I don’t feel especially disposed to upgrading right away.

Memory Mapped Files

I was keen to see these in .NET as the application here was a text book example of their use.

In C++ you map the file, get a pointer and get to treat it like a big block of memory. It makes the C programmer in me happy :).

In C# I thought I would get a massive array of bytes that I could mess with, instead I got what really looked like a stream. I might as well have just opened the file R/W via File IO and worked on it.

Today was a day to want my pointers back :-p

Why software engineers are bad for electronics

Since I’m responsible for the hardware side of CASL I thought I’d share this article from Rugged Circuits about how easy it can be to kill one of the Arduino boards we use for happy prototyping. As we say about each other, we each know enough of the others expertise to be dangerous!
This is why I try to make sure our designs can withstand software engineers, after that users should be the easy ones…

10 Ways to Destroy an Arduino


CASL has been working on Atmel AVR programming using the excellent Arduino rapid prototype platform. Conveniently we’ve been using www.freetronics.com supplied boards as we could source them at Jaycar, just a few minutes drive away.

My own previous experience has been some PIC solutions,and a bit of FPGA work (I’ve also got some really old stuff like 6800 and MCS48…) , so this was interesting trying out another processer architecture and the provided development environment, the Arduino IDE.

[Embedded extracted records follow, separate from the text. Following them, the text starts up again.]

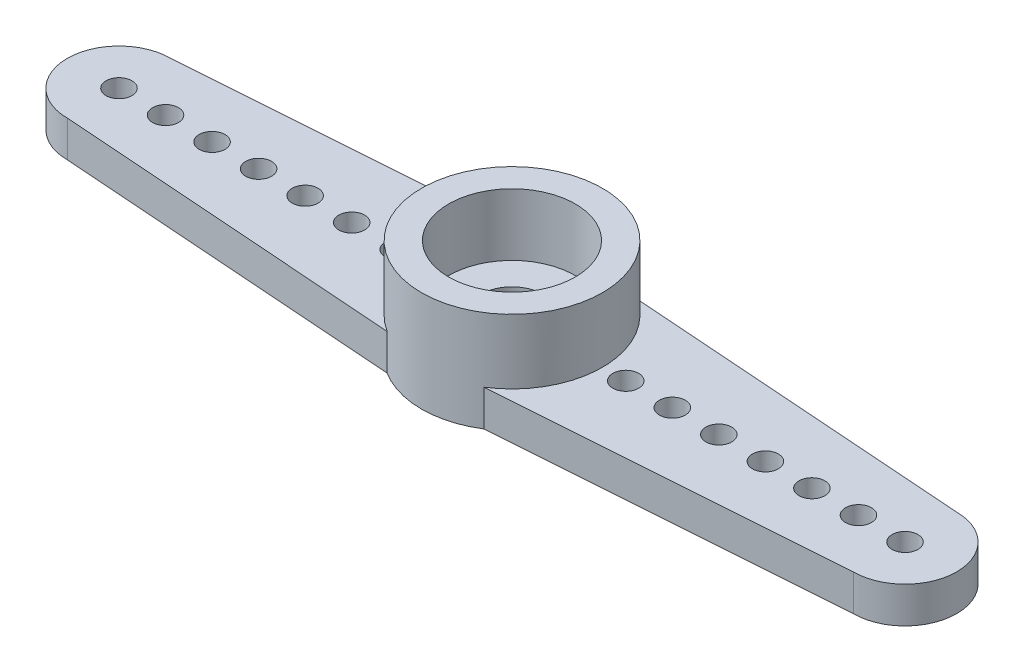
ISO-10303-21;
HEADER;
FILE_DESCRIPTION(('STEP AP214'),'2;1');
FILE_NAME('part.step','',(''),(''),'','','');
FILE_SCHEMA(('AUTOMOTIVE_DESIGN { 1 0 10303 214 1 1 1 1 }'));
ENDSEC;
DATA;
#1=APPLICATION_CONTEXT('core data for automotive mechanical design processes');
#2=APPLICATION_PROTOCOL_DEFINITION('international standard','automotive_design',2000,#1);
#3=PRODUCT_CONTEXT('',#1,'mechanical');
#4=PRODUCT('Part','Part','',(#3));
#5=PRODUCT_RELATED_PRODUCT_CATEGORY('part','',(#4));
#6=PRODUCT_DEFINITION_FORMATION('','',#4);
#7=PRODUCT_DEFINITION_CONTEXT('part definition',#1,'design');
#8=PRODUCT_DEFINITION('design','',#6,#7);
#9=PRODUCT_DEFINITION_SHAPE('','',#8);
#10=(LENGTH_UNIT() NAMED_UNIT(*) SI_UNIT(.MILLI.,.METRE.));
#11=(NAMED_UNIT(*) PLANE_ANGLE_UNIT() SI_UNIT($,.RADIAN.));
#12=(NAMED_UNIT(*) SI_UNIT($,.STERADIAN.) SOLID_ANGLE_UNIT());
#13=UNCERTAINTY_MEASURE_WITH_UNIT(LENGTH_MEASURE(1.E-05),#10,'distance_accuracy_value','');
#14=(GEOMETRIC_REPRESENTATION_CONTEXT(3) GLOBAL_UNCERTAINTY_ASSIGNED_CONTEXT((#13)) GLOBAL_UNIT_ASSIGNED_CONTEXT((#10,
#11,#12)) REPRESENTATION_CONTEXT('',''));
#15=CARTESIAN_POINT('',(0.,0.,0.));
#16=DIRECTION('',(0.,0.,1.));
#17=DIRECTION('',(1.,0.,0.));
#18=AXIS2_PLACEMENT_3D('',#15,#16,#17);
#19=CARTESIAN_POINT('',(-15.2,1.4,0.));
#20=DIRECTION('',(0.,1.,0.));
#21=DIRECTION('',(0.,0.,1.));
#22=AXIS2_PLACEMENT_3D('',#19,#20,#21);
#23=PLANE('',#22);
#24=CARTESIAN_POINT('',(-6.2,1.4,0.));
#25=DIRECTION('',(0.,1.,0.));
#26=DIRECTION('',(0.,0.,1.));
#27=AXIS2_PLACEMENT_3D('',#24,#25,#26);
#28=CIRCLE('',#27,0.500000000000001);
#29=CARTESIAN_POINT('',(-6.2,1.4,0.500000000000001));
#30=VERTEX_POINT('',#29);
#31=EDGE_CURVE('E185',#30,#30,#28,.T.);
#32=ORIENTED_EDGE('',*,*,#31,.F.);
#33=EDGE_LOOP('',(#32));
#34=FACE_BOUND('',#33,.T.);
#35=CARTESIAN_POINT('',(-9.8,1.4,0.));
#36=DIRECTION('',(0.,1.,0.));
#37=DIRECTION('',(0.,0.,1.));
#38=AXIS2_PLACEMENT_3D('',#35,#36,#37);
#39=CIRCLE('',#38,0.500000000000001);
#40=CARTESIAN_POINT('',(-9.8,1.4,0.500000000000001));
#41=VERTEX_POINT('',#40);
#42=EDGE_CURVE('E197',#41,#41,#39,.T.);
#43=ORIENTED_EDGE('',*,*,#42,.F.);
#44=EDGE_LOOP('',(#43));
#45=FACE_BOUND('',#44,.T.);
#46=CARTESIAN_POINT('',(-11.6,1.4,0.));
#47=DIRECTION('',(0.,1.,0.));
#48=DIRECTION('',(0.,0.,1.));
#49=AXIS2_PLACEMENT_3D('',#46,#47,#48);
#50=CIRCLE('',#49,0.499999999999999);
#51=CARTESIAN_POINT('',(-11.6,1.4,0.499999999999999));
#52=VERTEX_POINT('',#51);
#53=EDGE_CURVE('E203',#52,#52,#50,.T.);
#54=ORIENTED_EDGE('',*,*,#53,.F.);
#55=EDGE_LOOP('',(#54));
#56=FACE_BOUND('',#55,.T.);
#57=CARTESIAN_POINT('',(-13.4,1.4,0.));
#58=DIRECTION('',(0.,1.,0.));
#59=DIRECTION('',(0.,0.,1.));
#60=AXIS2_PLACEMENT_3D('',#57,#58,#59);
#61=CIRCLE('',#60,0.500000000000001);
#62=CARTESIAN_POINT('',(-13.4,1.4,0.500000000000001));
#63=VERTEX_POINT('',#62);
#64=EDGE_CURVE('E209',#63,#63,#61,.T.);
#65=ORIENTED_EDGE('',*,*,#64,.F.);
#66=EDGE_LOOP('',(#65));
#67=FACE_BOUND('',#66,.T.);
#68=CARTESIAN_POINT('',(-15.2,1.4,0.));
#69=DIRECTION('',(0.,1.,0.));
#70=DIRECTION('',(0.,0.,1.));
#71=AXIS2_PLACEMENT_3D('',#68,#69,#70);
#72=CIRCLE('',#71,0.500000000000001);
#73=CARTESIAN_POINT('',(-15.2,1.4,0.500000000000001));
#74=VERTEX_POINT('',#73);
#75=EDGE_CURVE('E96',#74,#74,#72,.T.);
#76=ORIENTED_EDGE('',*,*,#75,.F.);
#77=EDGE_LOOP('',(#76));
#78=FACE_BOUND('',#77,.T.);
#79=CARTESIAN_POINT('',(-8.,1.4,0.));
#80=DIRECTION('',(0.,1.,0.));
#81=DIRECTION('',(0.,0.,1.));
#82=AXIS2_PLACEMENT_3D('',#79,#80,#81);
#83=CIRCLE('',#82,0.500000000000001);
#84=CARTESIAN_POINT('',(-8.,1.4,0.500000000000001));
#85=VERTEX_POINT('',#84);
#86=EDGE_CURVE('E191',#85,#85,#83,.T.);
#87=ORIENTED_EDGE('',*,*,#86,.F.);
#88=EDGE_LOOP('',(#87));
#89=FACE_BOUND('',#88,.T.);
#90=CARTESIAN_POINT('',(-4.4,1.4,0.));
#91=DIRECTION('',(0.,1.,0.));
#92=DIRECTION('',(0.,0.,1.));
#93=AXIS2_PLACEMENT_3D('',#90,#91,#92);
#94=CIRCLE('',#93,0.500000000000001);
#95=CARTESIAN_POINT('',(-4.4,1.4,0.500000000000001));
#96=VERTEX_POINT('',#95);
#97=EDGE_CURVE('E179',#96,#96,#94,.T.);
#98=ORIENTED_EDGE('',*,*,#97,.F.);
#99=EDGE_LOOP('',(#98));
#100=FACE_BOUND('',#99,.T.);
#101=DIRECTION('',(0.997420198870011,0.,0.0717840294641297));
#102=VECTOR('',#101,1.);
#103=CARTESIAN_POINT('',(-15.2,1.4,2.));
#104=LINE('',#103,#102);
#105=CARTESIAN_POINT('',(-15.2,1.4,2.));
#106=VERTEX_POINT('',#105);
#107=CARTESIAN_POINT('',(-1.86858471289894,1.4,2.95945791838985));
#108=VERTEX_POINT('',#107);
#109=EDGE_CURVE('E223',#106,#108,#104,.T.);
#110=ORIENTED_EDGE('',*,*,#109,.T.);
#111=CARTESIAN_POINT('',(0.,1.4,0.));
#112=DIRECTION('',(0.,1.,0.));
#113=DIRECTION('',(0.,0.,1.));
#114=AXIS2_PLACEMENT_3D('',#111,#112,#113);
#115=CIRCLE('',#114,3.5);
#116=CARTESIAN_POINT('',(-1.86858471289894,1.4,-2.95945791838985));
#117=VERTEX_POINT('',#116);
#118=EDGE_CURVE('E118',#117,#108,#115,.T.);
#119=ORIENTED_EDGE('',*,*,#118,.F.);
#120=DIRECTION('',(-0.997420198870011,0.,0.0717840294641296));
#121=VECTOR('',#120,1.);
#122=CARTESIAN_POINT('',(-15.2,1.4,-2.));
#123=LINE('',#122,#121);
#124=CARTESIAN_POINT('',(-15.2,1.4,-2.));
#125=VERTEX_POINT('',#124);
#126=EDGE_CURVE('E49',#117,#125,#123,.T.);
#127=ORIENTED_EDGE('',*,*,#126,.T.);
#128=CARTESIAN_POINT('',(-15.2,1.4,0.));
#129=DIRECTION('',(0.,1.,0.));
#130=DIRECTION('',(0.,0.,1.));
#131=AXIS2_PLACEMENT_3D('',#128,#129,#130);
#132=CIRCLE('',#131,2.);
#133=EDGE_CURVE('E82',#125,#106,#132,.T.);
#134=ORIENTED_EDGE('',*,*,#133,.T.);
#135=EDGE_LOOP('',(#110,#119,#127,#134));
#136=FACE_BOUND('',#135,.T.);
#137=ADVANCED_FACE('F32',(#34,#45,#56,#67,#78,#89,#100,#136),#23,.T.);
#138=CARTESIAN_POINT('',(6.2,1.4,0.));
#139=DIRECTION('',(0.,1.,0.));
#140=DIRECTION('',(0.,0.,1.));
#141=AXIS2_PLACEMENT_3D('',#138,#139,#140);
#142=CIRCLE('',#141,0.499999999999997);
#143=CARTESIAN_POINT('',(6.2,1.4,0.500000000000053));
#144=VERTEX_POINT('',#143);
#145=EDGE_CURVE('E149',#144,#144,#142,.T.);
#146=ORIENTED_EDGE('',*,*,#145,.F.);
#147=EDGE_LOOP('',(#146));
#148=FACE_BOUND('',#147,.T.);
#149=CARTESIAN_POINT('',(9.8,1.4,0.));
#150=DIRECTION('',(0.,1.,0.));
#151=DIRECTION('',(0.,0.,1.));
#152=AXIS2_PLACEMENT_3D('',#149,#150,#151);
#153=CIRCLE('',#152,0.499999999999997);
#154=CARTESIAN_POINT('',(9.8,1.4,0.500000000000028));
#155=VERTEX_POINT('',#154);
#156=EDGE_CURVE('E161',#155,#155,#153,.T.);
#157=ORIENTED_EDGE('',*,*,#156,.F.);
#158=EDGE_LOOP('',(#157));
#159=FACE_BOUND('',#158,.T.);
#160=CARTESIAN_POINT('',(13.4,1.4,0.));
#161=DIRECTION('',(0.,1.,0.));
#162=DIRECTION('',(0.,0.,1.));
#163=AXIS2_PLACEMENT_3D('',#160,#161,#162);
#164=CIRCLE('',#163,0.499999999999997);
#165=CARTESIAN_POINT('',(13.4,1.4,0.500000000000003));
#166=VERTEX_POINT('',#165);
#167=EDGE_CURVE('E173',#166,#166,#164,.T.);
#168=ORIENTED_EDGE('',*,*,#167,.F.);
#169=EDGE_LOOP('',(#168));
#170=FACE_BOUND('',#169,.T.);
#171=CARTESIAN_POINT('',(15.2,1.4,0.));
#172=DIRECTION('',(0.,1.,0.));
#173=DIRECTION('',(0.,0.,1.));
#174=AXIS2_PLACEMENT_3D('',#171,#172,#173);
#175=CIRCLE('',#174,0.499999999999997);
#176=CARTESIAN_POINT('',(15.2,1.4,0.49999999999999));
#177=VERTEX_POINT('',#176);
#178=EDGE_CURVE('E215',#177,#177,#175,.T.);
#179=ORIENTED_EDGE('',*,*,#178,.F.);
#180=EDGE_LOOP('',(#179));
#181=FACE_BOUND('',#180,.T.);
#182=CARTESIAN_POINT('',(11.6,1.4,0.));
#183=DIRECTION('',(0.,1.,0.));
#184=DIRECTION('',(0.,0.,1.));
#185=AXIS2_PLACEMENT_3D('',#182,#183,#184);
#186=CIRCLE('',#185,0.499999999999999);
#187=CARTESIAN_POINT('',(11.6,1.4,0.500000000000017));
#188=VERTEX_POINT('',#187);
#189=EDGE_CURVE('E167',#188,#188,#186,.T.);
#190=ORIENTED_EDGE('',*,*,#189,.F.);
#191=EDGE_LOOP('',(#190));
#192=FACE_BOUND('',#191,.T.);
#193=CARTESIAN_POINT('',(8.,1.4,0.));
#194=DIRECTION('',(0.,1.,0.));
#195=DIRECTION('',(0.,0.,1.));
#196=AXIS2_PLACEMENT_3D('',#193,#194,#195);
#197=CIRCLE('',#196,0.499999999999997);
#198=CARTESIAN_POINT('',(8.,1.4,0.500000000000041));
#199=VERTEX_POINT('',#198);
#200=EDGE_CURVE('E155',#199,#199,#197,.T.);
#201=ORIENTED_EDGE('',*,*,#200,.F.);
#202=EDGE_LOOP('',(#201));
#203=FACE_BOUND('',#202,.T.);
#204=CARTESIAN_POINT('',(4.4,1.4,0.));
#205=DIRECTION('',(0.,1.,0.));
#206=DIRECTION('',(0.,0.,1.));
#207=AXIS2_PLACEMENT_3D('',#204,#205,#206);
#208=CIRCLE('',#207,0.499999999999997);
#209=CARTESIAN_POINT('',(4.4,1.4,0.500000000000066));
#210=VERTEX_POINT('',#209);
#211=EDGE_CURVE('E143',#210,#210,#208,.T.);
#212=ORIENTED_EDGE('',*,*,#211,.F.);
#213=EDGE_LOOP('',(#212));
#214=FACE_BOUND('',#213,.T.);
#215=CARTESIAN_POINT('',(1.86858471289894,1.4,2.95945791838985));
#216=VERTEX_POINT('',#215);
#217=CARTESIAN_POINT('',(1.86858471289894,1.4,-2.95945791838985));
#218=VERTEX_POINT('',#217);
#219=EDGE_CURVE('E134',#216,#218,#115,.T.);
#220=ORIENTED_EDGE('',*,*,#219,.F.);
#221=DIRECTION('',(0.997420198870011,0.,-0.0717840294641297));
#222=VECTOR('',#221,1.);
#223=CARTESIAN_POINT('',(-14.9001527327747,1.4,4.16629887091939));
#224=LINE('',#223,#222);
#225=CARTESIAN_POINT('',(15.2,1.4,2.));
#226=VERTEX_POINT('',#225);
#227=EDGE_CURVE('E121',#216,#226,#224,.T.);
#228=ORIENTED_EDGE('',*,*,#227,.T.);
#229=CARTESIAN_POINT('',(15.2,1.4,0.));
#230=DIRECTION('',(0.,1.,0.));
#231=DIRECTION('',(0.,0.,-1.));
#232=AXIS2_PLACEMENT_3D('',#229,#230,#231);
#233=CIRCLE('',#232,2.);
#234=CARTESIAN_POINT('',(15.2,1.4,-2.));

I liked the boards, I liked the prevalance of libraries but hated the IDE… I’m coming from a Visual Studio background or Emacs, so I’m used to actually seeing my errors and having some extra control.

It wasn’t long until I had Visual Micro Arduino installed in VS2010, but even that wasn’t great (good plugin, but still using the FDH toolchain of the IDE). So I downloaded AVR Studio.

Now, we were talking I was seeing warnings, errors and lots of new stuff. I’ve spent a bit of time now configuring up templates for Arduino development, cleaned up the libraries and made new additions to the core (fancy subsrcribing to Pin Change Interrupts? How about multiple subscribers to Interrupt handlers?).

I should be going back and doing a QA on the code, when that’s done CASL will release an AVR Studio template for Arduino boards and also look to push the architecture changes back into the mainline of the Arduino sources.

Hello world!

We’ve set up a blog here on the website so that we add in more dynamic technical articles, hopefully we should be sharing information on bits of technology we have been working on and what we are thinking about.

We’ve used wordpress, since that was offered easily with our hosting, and hopefully it is the content, not the meidum (and perhaps even some of the presentation) that is important.

We look forward to sharing some of our work with you!